Uzay hayatımız boyunca inceleyip hiçbir zaman da tam olarak keşfedemeyeceğimiz bir olgu olacak. Lakin her keşfimiz bizleri daha da heyecanlandırıp meraklandırmak üzerine kurulu resmen.
Birçok mucizeye şahit olduğumuz kosmosta yeni bir tanesi daha doğdu. NASA, Hubble uzay teleskobu ile yaptığı incelemede keşfedilmiş şimdiye kadar ki en küçük galaksinin ortasında devasa bir kara delik olduğunu buldu.
Çarşamba günü yaptığı açıklamda yetkililer M60-UCD1 adında 140 milyon yıldızı kapsayan ve 300 ışık yılı çapında olan bir cüce gezegen buldu. M60-UCD1’in çapı bizim bulunduğumuz Samanyolu galaksisinden 500’de 1 oranında daha küçük.
Lakin işin garip noktası bu galaksinin merkezinde “devasa kütleli” ya da “canavar” terimleri ile tanımlanan bir kara deliğin bulunması. Bu kara delik ise bizim galaksimizin merkezindeki kara delikten beş kat daha büyük. Boyutlar arasında bu kadar fark olmasına rağmen Samanyolu ile yeni galaksiyi yoğunluk bakımından kıyasladığınızda NASA bizlere gece vakti Dünya’dan gökyüzüne baktığımızda 4000 adet yıldız gördüğümüzü belirtirken M60-UCD1’in içinden gece gökyüzüne baktığınızda bir milyon yıldız göreceğinizi belirtiyor.

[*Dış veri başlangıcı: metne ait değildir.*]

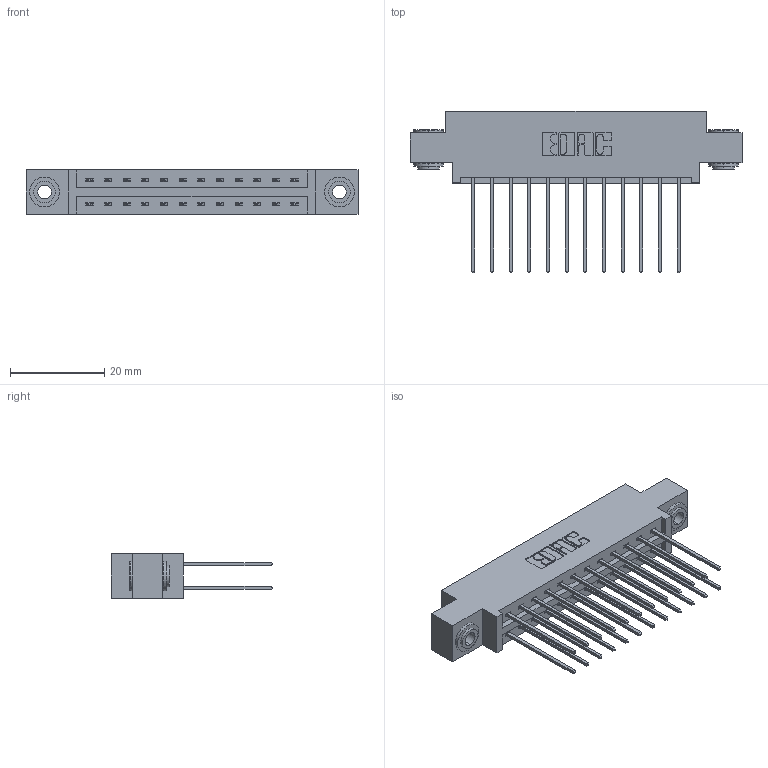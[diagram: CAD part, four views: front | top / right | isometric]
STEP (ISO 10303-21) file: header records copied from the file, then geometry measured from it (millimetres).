
FILE_DESCRIPTION (( 'STEP AP203' ), '1' );
FILE_NAME ('387-024-541-803.STEP', '2019-10-16T18:21:44', ( '' ), ( '' ), 'SwSTEP 2.0', 'SolidWorks 2016', '' );
FILE_SCHEMA (( 'CONFIG_CONTROL_DESIGN' ));
Length unit declared in the file: inch
Products named in the file (4): 345-250-002_345-250-002-102; 337 Part_0.170 Offset - 0.156 Dia-TH; 345-292-001_345-293-141; 387-024-541-803
Assembly tree (27 placements, depth 2):
  387-024-541-803
    337 Part_0.170 Offset - 0.156 Dia-TH
    345-292-001_345-293-141  x24
    345-250-002_345-250-002-102  x2
Bounding box: 70.56 x 34.3 x 9.4 mm (x, y, z)
Volume: 7076.5 mm3; surface area: 8732 mm2
Topology: 27 solids, 27 shells, 1452 faces, 4263 edges, 2806 vertices
Faces by surface type: plane 996, cylinder 448, cone 8
Entity records: 13984 total; most frequent: CARTESIAN_POINT 2357, ORIENTED_EDGE 2286, DIRECTION 2093, EDGE_CURVE 1143, VECTOR 991, LINE 991, VERTEX_POINT 758, AXIS2_PLACEMENT_3D 551

NASA’ya göre buna benzer devasa kara deliğe sahip başka galaksilerin de olma ihtimali mümkün. Öte yandan kurum M60-UCD1 gibi galaksilerin, daha büyük galaksilerin bir parçası olabileceklerini ve diğer galaksilerle çarpışma gibi devasa olaylardan sonra orijinallerinden ayrılmış olabileceklerini belirtiyor.
Utah Üniversitesi gök bilimcisi Anil Seth konu hakkında şunları belirtti:
“Bu derece büyük bir kara deliğin bu derece küçük bir nesnenin içinde oluşmasının başka bir açıklaması yok, en azından biz bilmiyoruz.”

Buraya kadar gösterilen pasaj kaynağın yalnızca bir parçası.